Shares of low-cost carrier Spirit Airlines dropped over 60% in premarket trading today, November 13, after the news broke that the company is preparing to file for bankruptcy following failed merger talks with Frontier Airlines, as reported by the Wall Street Journal.
Details
Spirit, a budget airline facing significant financial challenges, saw its stock fall more than 60% to $1.23 per share in premarket trading today in New York. During the regular trading session yesterday, November 12, Spirit dropped 5.3%. Since the start of the year, it has plummeted over 80%.
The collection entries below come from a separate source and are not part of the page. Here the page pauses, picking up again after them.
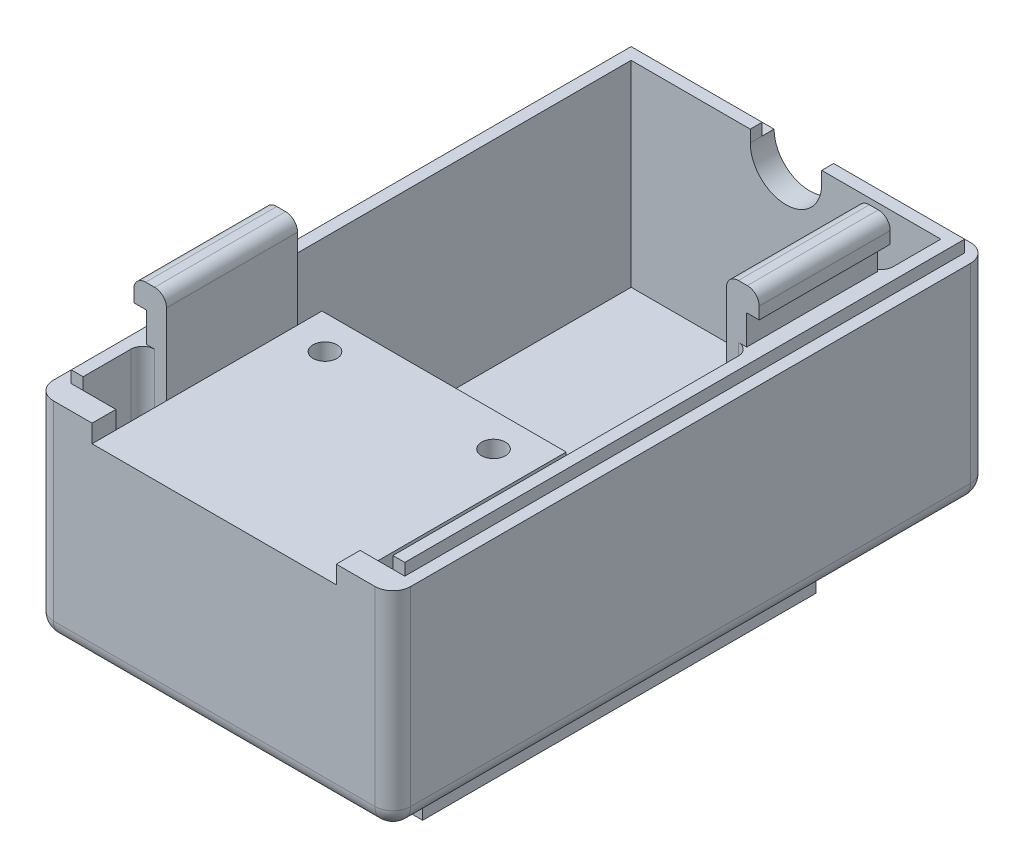
from build123d import *

# Parameters (mm, degrees)
BOSS_EXTRUDE1_DEPTH  = 17.5
CUT_EXTRUDE1_DEPTH   = 15.5
SKETCH3_W            = 20.5
SKETCH3_H            = 1.5
CUT_EXTRUDE2_DEPTH   = 15.5
SKETCH5_W            = 20.5
SKETCH5_H            = 17.3
BOSS_EXTRUDE2_DEPTH  = 14
CUT_EXTRUDE4_START   = 8
SKETCH5_3_R          = 1
CUT_EXTRUDE4_DEPTH   = 6
FILLET3_R            = 1.5
SKETCH7_W            = 11
SKETCH7_H            = 5.5
BOSS_EXTRUDE7_DEPTH  = 2
SKETCH8_W            = 11
SKETCH8_H            = 2
BOSS_EXTRUDE8_DEPTH  = 0.75
SKETCH8_3_W          = 11
SKETCH8_3_H          = 2.5
CUT_EXTRUDE5_DEPTH   = 0.3
CUT_EXTRUDE7_REACH   = 59.044
SKETCH9_W            = 11
SKETCH9_H            = 5.5
BOSS_EXTRUDE12_DEPTH = 2
SKETCH10_W           = 11
SKETCH10_H           = 2
BOSS_EXTRUDE13_DEPTH = 0.75
SKETCH10_3_W         = 11
SKETCH10_3_H         = 2.5
CUT_EXTRUDE6_DEPTH   = 0.3
BOSS_EXTRUDE14_DEPTH = 1
FILLET4_R            = 1
SKETCH13_W           = 18
SKETCH13_H           = 33
BOSS_EXTRUDE15_DEPTH = 6
FILLET5_R            = 1
FILLET6_R            = 2
FILLET7_R            = 1


with BuildPart() as part:
    # Sketch1 → Boss-Extrude1 (new body)
    with BuildSketch(Plane(origin=(0, 0, 0), x_dir=(1, 0, 0), z_dir=(0, 1, 0))):
        Polygon((-15, 20), (-15, -20), (15, -20), (15, 20), (15, 30), (-15, 30), align=None)
    extrude(amount=BOSS_EXTRUDE1_DEPTH)

    # Sketch2 → Cut-Extrude1 (cut)
    with BuildSketch(Plane(origin=(0, 17.5, 0), x_dir=(1, 0, 0), z_dir=(0, 1, 0))):
        Polygon((-13, 18), (-13, -18), (13, -18), (13, 18), (13, 28), (-13, 28), align=None)
    extrude(amount=-CUT_EXTRUDE1_DEPTH, mode=Mode.SUBTRACT)

    # Sketch3 → Cut-Extrude2 (cut)
    with BuildSketch(Plane.XY.offset(20)):
        with Locations((0, 16.75)):
            Rectangle(SKETCH3_W, SKETCH3_H)
    extrude(amount=-CUT_EXTRUDE2_DEPTH, mode=Mode.SUBTRACT)

    # Sketch5 → Boss-Extrude2 (add)
    with BuildSketch(Plane(origin=(0, 2, 0), x_dir=(1, 0, 0), z_dir=(0, 1, 0))):
        with Locations((0, -9.35)):
            Rectangle(SKETCH5_W, SKETCH5_H)
    extrude(amount=BOSS_EXTRUDE2_DEPTH)

    # Sketch5<3> → Cut-Extrude4 (cut)
    with BuildSketch(Plane(origin=(0, 2, 0), x_dir=(1, 0, 0), z_dir=(0, 1, 0)).offset(CUT_EXTRUDE4_START)):
        with Locations(Location((6.975, -3.5255, 0), (0, 0, 90))):
            Circle(SKETCH5_3_R)
        with Locations(Location((-7.175, -3.5255, 0), (0, 0, 270))):
            Circle(SKETCH5_3_R)
    extrude(amount=CUT_EXTRUDE4_DEPTH, mode=Mode.SUBTRACT)

    # Fillet3
    fillet3_edges = [part.edges().sort_by_distance(p)[0] for p in [
        (15, 8.75, 20),
        (-15, 8.75, 20),
        (-15, 8.75, -30),
        (15, 8.75, -30),
        (0, 0, 20),
        (-15, 0, -5),
        (0, 0, -30),
        (15, 0, -5),
    ]]
    fillet(fillet3_edges, radius=FILLET3_R)

    # Sketch7 → Boss-Extrude7 (add)
    with BuildSketch(Plane(origin=(-13, 0, 0), x_dir=(0, 0, -1), z_dir=(1, 0, 0))):
        with Locations((-7.5, 14.75)):
            Rectangle(SKETCH7_W, SKETCH7_H)
        with Locations((-7.5, 20.25)):
            Rectangle(SKETCH7_W, SKETCH7_H)
    extrude(amount=BOSS_EXTRUDE7_DEPTH)

    # Sketch8 → Boss-Extrude8 (add)
    with BuildSketch(Plane.ZY.offset(13)):
        with Locations((7.5, 22)):
            Rectangle(SKETCH8_W, SKETCH8_H)
    extrude(amount=BOSS_EXTRUDE8_DEPTH)

    # Sketch8<3> → Cut-Extrude5 (cut)
    with BuildSketch(Plane.ZY.offset(13)):
        with Locations((7.5, 19.75)):
            Rectangle(SKETCH8_3_W, SKETCH8_3_H)
    extrude(amount=-CUT_EXTRUDE5_DEPTH, mode=Mode.SUBTRACT)

    # Sketch12 → Cut-Extrude7 (cut, up to next)
    with BuildSketch(Plane(origin=(0, 0, -30), x_dir=(-1, 0, 0), z_dir=(0, 0, -1)), mode=Mode.PRIVATE) as cut_extrude7_sk1:
        with BuildLine():
            Line((-3, 17.5), (3, 17.5))
            ThreePointArc((3, 17.5), (0, 14.5), (-3, 17.5))
        make_face()
    cut_extrude7_tool1 = extrude(cut_extrude7_sk1.sketch, amount=-CUT_EXTRUDE7_REACH, mode=Mode.PRIVATE) & part.part
    add(cut_extrude7_tool1.solids().sort_by_distance((0, 16.22676, -30))[0], mode=Mode.SUBTRACT)

    # Sketch9 → Boss-Extrude12 (add)
    with BuildSketch(Plane.ZY.offset(-13)):
        with Locations((-17.5, 14.75)):
            Rectangle(SKETCH9_W, SKETCH9_H)
        with Locations((-17.5, 20.25)):
            Rectangle(SKETCH9_W, SKETCH9_H)
    extrude(amount=BOSS_EXTRUDE12_DEPTH)

    # Sketch10 → Boss-Extrude13 (add)
    with BuildSketch(Plane(origin=(13, 0, 0), x_dir=(0, 0, -1), z_dir=(1, 0, 0))):
        with Locations((17.5, 22)):
            Rectangle(SKETCH10_W, SKETCH10_H)
    extrude(amount=BOSS_EXTRUDE13_DEPTH)

    # Sketch10<3> → Cut-Extrude6 (cut)
    with BuildSketch(Plane(origin=(13, 0, 0), x_dir=(0, 0, -1), z_dir=(1, 0, 0))):
        with Locations((17.5, 19.75)):
            Rectangle(SKETCH10_3_W, SKETCH10_3_H)
    extrude(amount=-CUT_EXTRUDE6_DEPTH, mode=Mode.SUBTRACT)

    # Sketch11 → Boss-Extrude14 (add)
    with BuildSketch(Plane(origin=(0, 17.5, 0), x_dir=(1, 0, 0), z_dir=(0, 1, 0))):
        Polygon((-14, -18), (-13, -18), (-13, 28), (-3, 28), (-3, 29), (-14, 29), align=None)
        Polygon((3, 28), (13, 28), (13, -18), (14, -18), (14, 29), (3, 29), align=None)
    extrude(amount=BOSS_EXTRUDE14_DEPTH)

    # Fillet4
    # the kernel refuses this fillet: 1 mm, written as the material it adds along each edge
    with BuildSketch(Plane(origin=(-13, 12, 13), x_dir=(1, 0, 0), z_dir=(0, 1, 0)), Plane(origin=(-13, 18.5, 2), x_dir=(1, 0, 0), z_dir=(0, -1, 0))) as fillet4_piece_1:
        with BuildLine():
            CenterArc((FILLET4_R, -FILLET4_R), FILLET4_R, 90, 90)
            Line((0, -FILLET4_R), (-FILLET4_R * 0.02, -FILLET4_R))
            Line((-FILLET4_R * 0.02, -FILLET4_R), (-FILLET4_R * 0.02, FILLET4_R * 0.02))
            Line((-FILLET4_R * 0.02, FILLET4_R * 0.02), (FILLET4_R, FILLET4_R * 0.02))
            Line((FILLET4_R, FILLET4_R * 0.02), (FILLET4_R, 0))
        make_face()
    extrude(amount=6.5)
    with BuildSketch(Plane(origin=(-13, 12, 13), x_dir=(1, 0, 0), z_dir=(0, 0, -1))) as fillet4_piece_2:
        with BuildLine():
            CenterArc((FILLET4_R, FILLET4_R), FILLET4_R, 180, 90)
            Line((0, FILLET4_R), (-FILLET4_R * 0.02, FILLET4_R))
            Line((-FILLET4_R * 0.02, FILLET4_R), (-FILLET4_R * 0.02, -FILLET4_R * 0.02))
            Line((-FILLET4_R * 0.02, -FILLET4_R * 0.02), (FILLET4_R, -FILLET4_R * 0.02))
            Line((FILLET4_R, -FILLET4_R * 0.02), (FILLET4_R, 0))
        make_face()
    extrude(amount=11)
    with BuildSketch(Plane(origin=(13, 12, -23), x_dir=(0, 0, -1), z_dir=(0, 1, 0)), Plane(origin=(13, 18.5, -12), x_dir=(0, 0, 1), z_dir=(0, -1, 0))) as fillet4_piece_3:
        with BuildLine():
            CenterArc((FILLET4_R, FILLET4_R), FILLET4_R, 180, 90)
            Line((0, FILLET4_R), (-FILLET4_R * 0.02, FILLET4_R))
            Line((-FILLET4_R * 0.02, FILLET4_R), (-FILLET4_R * 0.02, -FILLET4_R * 0.02))
            Line((-FILLET4_R * 0.02, -FILLET4_R * 0.02), (FILLET4_R, -FILLET4_R * 0.02))
            Line((FILLET4_R, -FILLET4_R * 0.02), (FILLET4_R, 0))
        make_face()
    extrude(amount=6.5)
    with BuildSketch(Plane(origin=(13, 12, -23), x_dir=(0, -1, 0), z_dir=(0, 0, 1))) as fillet4_piece_4:
        with BuildLine():
            CenterArc((FILLET4_R, -FILLET4_R), FILLET4_R, 90, 90)
            Line((0, -FILLET4_R), (-FILLET4_R * 0.02, -FILLET4_R))
            Line((-FILLET4_R * 0.02, -FILLET4_R), (-FILLET4_R * 0.02, FILLET4_R * 0.02))
            Line((-FILLET4_R * 0.02, FILLET4_R * 0.02), (FILLET4_R, FILLET4_R * 0.02))
            Line((FILLET4_R, FILLET4_R * 0.02), (FILLET4_R, 0))
        make_face()
    extrude(amount=11)
    with BuildSketch(Plane(origin=(-13, 12, 15.5), x_dir=(1, 0, 0), z_dir=(0, 0, -1))) as fillet4_piece_5a_section:
        with BuildLine():
            CenterArc((FILLET4_R, FILLET4_R), FILLET4_R, 180, 90)
            Line((0, FILLET4_R), (-FILLET4_R * 0.02, FILLET4_R))
            Line((-FILLET4_R * 0.02, FILLET4_R), (-FILLET4_R * 0.02, -FILLET4_R * 0.02))
            Line((-FILLET4_R * 0.02, -FILLET4_R * 0.02), (FILLET4_R, -FILLET4_R * 0.02))
            Line((FILLET4_R, -FILLET4_R * 0.02), (FILLET4_R, 0))
        make_face()
    fillet4_piece_5a = extrude(amount=13.5, mode=Mode.PRIVATE)
    fillet4_piece_5a = split(fillet4_piece_5a, bisect_by=Plane(origin=(-12.773604886, 11.773604886, 13), z_dir=(0, 0, 1)), keep=Keep.TOP, mode=Mode.PRIVATE)
    with BuildSketch(Plane(origin=(-13, 9.5, 13), x_dir=(1, 0, 0), z_dir=(0, 1, 0))) as fillet4_piece_5b_section:
        with BuildLine():
            CenterArc((FILLET4_R, -FILLET4_R), FILLET4_R, 90, 90)
            Line((0, -FILLET4_R), (-FILLET4_R * 0.02, -FILLET4_R))
            Line((-FILLET4_R * 0.02, -FILLET4_R), (-FILLET4_R * 0.02, FILLET4_R * 0.02))
            Line((-FILLET4_R * 0.02, FILLET4_R * 0.02), (FILLET4_R, FILLET4_R * 0.02))
            Line((FILLET4_R, FILLET4_R * 0.02), (FILLET4_R, 0))
        make_face()
    fillet4_piece_5b = extrude(amount=9, mode=Mode.PRIVATE)
    fillet4_piece_5b = split(fillet4_piece_5b, bisect_by=Plane(origin=(-12.773604886, 12, 13.226395114), z_dir=(0, -1, 0)), keep=Keep.TOP, mode=Mode.PRIVATE)
    fillet4_piece_5 = fillet4_piece_5a & fillet4_piece_5b
    add(fillet4_piece_5)
    with BuildSketch(Plane(origin=(-13, 18.5, 2), x_dir=(1, 0, 0), z_dir=(0, -1, 0))) as fillet4_piece_6a_section:
        with BuildLine():
            CenterArc((FILLET4_R, -FILLET4_R), FILLET4_R, 90, 90)
            Line((0, -FILLET4_R), (-FILLET4_R * 0.02, -FILLET4_R))
            Line((-FILLET4_R * 0.02, -FILLET4_R), (-FILLET4_R * 0.02, FILLET4_R * 0.02))
            Line((-FILLET4_R * 0.02, FILLET4_R * 0.02), (FILLET4_R, FILLET4_R * 0.02))
            Line((FILLET4_R, FILLET4_R * 0.02), (FILLET4_R, 0))
        make_face()
    fillet4_piece_6a = extrude(amount=9, mode=Mode.PRIVATE)
    fillet4_piece_6a = split(fillet4_piece_6a, bisect_by=Plane(origin=(-12.773604886, 12, 1.773604886), z_dir=(0, -1, 0)), keep=Keep.TOP, mode=Mode.PRIVATE)
    with BuildSketch(Plane(origin=(-13, 12, 13), x_dir=(1, 0, 0), z_dir=(0, 0, -1))) as fillet4_piece_6b_section:
        with BuildLine():
            CenterArc((FILLET4_R, FILLET4_R), FILLET4_R, 180, 90)
            Line((0, FILLET4_R), (-FILLET4_R * 0.02, FILLET4_R))
            Line((-FILLET4_R * 0.02, FILLET4_R), (-FILLET4_R * 0.02, -FILLET4_R * 0.02))
            Line((-FILLET4_R * 0.02, -FILLET4_R * 0.02), (FILLET4_R, -FILLET4_R * 0.02))
            Line((FILLET4_R, -FILLET4_R * 0.02), (FILLET4_R, 0))
        make_face()
    fillet4_piece_6b = extrude(amount=13.5, mode=Mode.PRIVATE)
    fillet4_piece_6b = split(fillet4_piece_6b, bisect_by=Plane(origin=(-12.773604886, 11.773604886, 2), z_dir=(0, 0, -1)), keep=Keep.TOP, mode=Mode.PRIVATE)
    fillet4_piece_6 = fillet4_piece_6a & fillet4_piece_6b
    add(fillet4_piece_6)
    with BuildSketch(Plane(origin=(13, 9.5, -23), x_dir=(0, 0, -1), z_dir=(0, 1, 0))) as fillet4_piece_7a_section:
        with BuildLine():
            CenterArc((FILLET4_R, FILLET4_R), FILLET4_R, 180, 90)
            Line((0, FILLET4_R), (-FILLET4_R * 0.02, FILLET4_R))
            Line((-FILLET4_R * 0.02, FILLET4_R), (-FILLET4_R * 0.02, -FILLET4_R * 0.02))
            Line((-FILLET4_R * 0.02, -FILLET4_R * 0.02), (FILLET4_R, -FILLET4_R * 0.02))
            Line((FILLET4_R, -FILLET4_R * 0.02), (FILLET4_R, 0))
        make_face()
    fillet4_piece_7a = extrude(amount=9, mode=Mode.PRIVATE)
    fillet4_piece_7a = split(fillet4_piece_7a, bisect_by=Plane(origin=(12.773604886, 12, -23.226395114), z_dir=(0, -1, 0)), keep=Keep.TOP, mode=Mode.PRIVATE)
    with BuildSketch(Plane(origin=(13, 12, -25.5), x_dir=(0, -1, 0), z_dir=(0, 0, 1))) as fillet4_piece_7b_section:
        with BuildLine():
            CenterArc((FILLET4_R, -FILLET4_R), FILLET4_R, 90, 90)
            Line((0, -FILLET4_R), (-FILLET4_R * 0.02, -FILLET4_R))
            Line((-FILLET4_R * 0.02, -FILLET4_R), (-FILLET4_R * 0.02, FILLET4_R * 0.02))
            Line((-FILLET4_R * 0.02, FILLET4_R * 0.02), (FILLET4_R, FILLET4_R * 0.02))
            Line((FILLET4_R, FILLET4_R * 0.02), (FILLET4_R, 0))
        make_face()
    fillet4_piece_7b = extrude(amount=13.5, mode=Mode.PRIVATE)
    fillet4_piece_7b = split(fillet4_piece_7b, bisect_by=Plane(origin=(12.773604886, 11.773604886, -23), z_dir=(0, 0, -1)), keep=Keep.TOP, mode=Mode.PRIVATE)
    fillet4_piece_7 = fillet4_piece_7a & fillet4_piece_7b
    add(fillet4_piece_7)
    with BuildSketch(Plane(origin=(13, 18.5, -12), x_dir=(0, 0, 1), z_dir=(0, -1, 0))) as fillet4_piece_8a_section:
        with BuildLine():
            CenterArc((FILLET4_R, FILLET4_R), FILLET4_R, 180, 90)
            Line((0, FILLET4_R), (-FILLET4_R * 0.02, FILLET4_R))
            Line((-FILLET4_R * 0.02, FILLET4_R), (-FILLET4_R * 0.02, -FILLET4_R * 0.02))
            Line((-FILLET4_R * 0.02, -FILLET4_R * 0.02), (FILLET4_R, -FILLET4_R * 0.02))
            Line((FILLET4_R, -FILLET4_R * 0.02), (FILLET4_R, 0))
        make_face()
    fillet4_piece_8a = extrude(amount=9, mode=Mode.PRIVATE)
    fillet4_piece_8a = split(fillet4_piece_8a, bisect_by=Plane(origin=(12.773604886, 12, -11.773604886), z_dir=(0, -1, 0)), keep=Keep.TOP, mode=Mode.PRIVATE)
    with BuildSketch(Plane(origin=(13, 12, -23), x_dir=(0, -1, 0), z_dir=(0, 0, 1))) as fillet4_piece_8b_section:
        with BuildLine():
            CenterArc((FILLET4_R, -FILLET4_R), FILLET4_R, 90, 90)
            Line((0, -FILLET4_R), (-FILLET4_R * 0.02, -FILLET4_R))
            Line((-FILLET4_R * 0.02, -FILLET4_R), (-FILLET4_R * 0.02, FILLET4_R * 0.02))
            Line((-FILLET4_R * 0.02, FILLET4_R * 0.02), (FILLET4_R, FILLET4_R * 0.02))
            Line((FILLET4_R, FILLET4_R * 0.02), (FILLET4_R, 0))
        make_face()
    fillet4_piece_8b = extrude(amount=13.5, mode=Mode.PRIVATE)
    fillet4_piece_8b = split(fillet4_piece_8b, bisect_by=Plane(origin=(12.773604886, 11.773604886, -12), z_dir=(0, 0, 1)), keep=Keep.TOP, mode=Mode.PRIVATE)
    fillet4_piece_8 = fillet4_piece_8a & fillet4_piece_8b
    add(fillet4_piece_8)
    # the kernel refuses this fillet: 1 mm, written as the material it takes off along each edge
    with BuildSketch(Plane(origin=(-11, 23, 2), x_dir=(0, -1, 0), z_dir=(0, 0, 1)), Plane(origin=(13.75, 23, -23), x_dir=(0, -1, 0), z_dir=(0, 0, 1))) as fillet4_2_piece_1:
        with BuildLine():
            CenterArc((FILLET4_R, -FILLET4_R), FILLET4_R, 90, 90)
            Line((0, -FILLET4_R), (-FILLET4_R * 0.02, -FILLET4_R))
            Line((-FILLET4_R * 0.02, -FILLET4_R), (-FILLET4_R * 0.02, FILLET4_R * 0.02))
            Line((-FILLET4_R * 0.02, FILLET4_R * 0.02), (FILLET4_R, FILLET4_R * 0.02))
            Line((FILLET4_R, FILLET4_R * 0.02), (FILLET4_R, 0))
        make_face()
    extrude(amount=11, mode=Mode.SUBTRACT)
    with BuildSketch(Plane(origin=(-13.75, 23, 13), x_dir=(1, 0, 0), z_dir=(0, 0, -1)), Plane(origin=(11, 23, -12), x_dir=(1, 0, 0), z_dir=(0, 0, -1))) as fillet4_2_piece_2:
        with BuildLine():
            CenterArc((FILLET4_R, FILLET4_R), FILLET4_R, 180, 90)
            Line((0, FILLET4_R), (-FILLET4_R * 0.02, FILLET4_R))
            Line((-FILLET4_R * 0.02, FILLET4_R), (-FILLET4_R * 0.02, -FILLET4_R * 0.02))
            Line((-FILLET4_R * 0.02, -FILLET4_R * 0.02), (FILLET4_R, -FILLET4_R * 0.02))
            Line((FILLET4_R, -FILLET4_R * 0.02), (FILLET4_R, 0))
        make_face()
    extrude(amount=11, mode=Mode.SUBTRACT)

    # Sketch13 → Boss-Extrude15 (add)
    with BuildSketch(Plane.XZ):
        with Locations((0, -5)):
            Rectangle(SKETCH13_W, SKETCH13_H)
        Polygon((0, -19.5), (-7, -19.5), (-7, -13.5), (-4.2, -13.5), (-4.2, -12.5), (-7, -12.5), (-7, -5.5), (0, -5.5), (0, -8.3), (1, -8.3), (1, -5.5), (7, -5.5), (7, -12.5), (5.2, -12.5), (5.2, -13.5), (7, -13.5), (7, -19.5), (1, -19.5), (1, -17.7), (0, -17.7), align=None, mode=Mode.SUBTRACT)
        Polygon((-7, 3.5), (-7, 9.5), (0, 9.5), (0, 7.7), (1, 7.7), (1, 9.5), (7, 9.5), (7, 3.5), (5.2, 3.5), (5.2, 2.5), (7, 2.5), (7, -4.5), (1, -4.5), (1, -1.7), (0, -1.7), (0, -4.5), (-7, -4.5), (-7, 2.5), (-4.2, 2.5), (-4.2, 3.5), align=None, mode=Mode.SUBTRACT)
    extrude(amount=BOSS_EXTRUDE15_DEPTH)

    # Fillet5
    fillet5_edges = [part.edges().sort_by_distance(p)[0] for p in [
        (5.2, -6, 3),
        (0.5, -6, -1.7),
        (-4.2, -6, 3),
        (0.5, -6, -17.7),
        (0.5, -6, -8.3),
        (5.2, -6, -13),
        (-4.2, -6, -13),
        (0.5, -6, 7.7),
    ]]
    fillet(fillet5_edges, radius=FILLET5_R)

    # Fillet6
    fillet6_edges = [part.edges().sort_by_distance(p)[0] for p in [
        (-9, 0, -5),
        (0, 0, -21.5),
        (9, 0, -5),
        (0, 0, 11.5),
    ]]
    fillet(fillet6_edges, radius=FILLET6_R)

    # Fillet7
    fillet7_edges = [part.edges().sort_by_distance(p)[0] for p in [
        (10.25, 2, 9.35),
        (-10.25, 2, 9.35),
        (0, 2, 0.7),
    ]]
    fillet(fillet7_edges, radius=FILLET7_R)


solid = part.part

The company is expected to file for bankruptcy within a few weeks, after its competitor, Frontier Airlines, walked away from merger talks, according to “people familiar with the matter” cited in a WSJ article published late Tuesday evening. These sources indicated that Spirit, together with its bondholders, is working on a bankruptcy plan that would garner support from a majority of creditors. The company is struggling with mounting losses and looming debt repayments. Earlier, the WSJ wrote that Spirit had more than $3.3 billion in debt, with approximately one third of that owed to bondholders.
Context
Spirit was once a successful low-cost carrier. However, the model of ultra-budget airlines has become less sustainable in the past two years as major national carriers have entered the low-cost market.
Operating costs have also been rising, exacerbated by extended groundings due to the recall of Pratt & Whitney engines used in Spirit’s Airbus A321neo EADSF planes, according to The Street. As a result, Spirit’s net loss in the 2024 second quarter was nearly 84 times that of the year-before period, reaching $192.9 million.
A merger with JetBlue Airways was expected to save Spirit, but the deal was blocked by a court in early 2024. In mid-October, the WSJ broke that Spirit had resumed merger talks with Frontier. However, now Frontier has seemingly given up, with no comment from the airline to the Journal. Spirit has signed a deal to sell part of its fleet for $519 million and furloughed pilots as part of a plan to cut roughly $80 million in annualized costs.
On Tuesday evening, Spirit itself announced it would not be able to file its third-quarter report with the U.S. SEC in a timely manner “without unreasonable effort or expense.” It stated that it is now focused on negotiating with bondholders for a debt restructuring and exploring alternative ways to improve liquidity for the company. If these negotiations are successful, the agreement would wipe out existing shareholders, the WSJ reported, citing the company.
Spirit must reach a deal with bondholders by the end of December, as per an agreement with the U.S. Bank National Association, which would stop processing credit card transactions for Spirit if the deadline is not met.
According to MarketWatch, the average target price from the 10 analysts who cover Spirit stands at $1.93 per share. At the close yesterday, November 12, Spirit was trading 67% above that.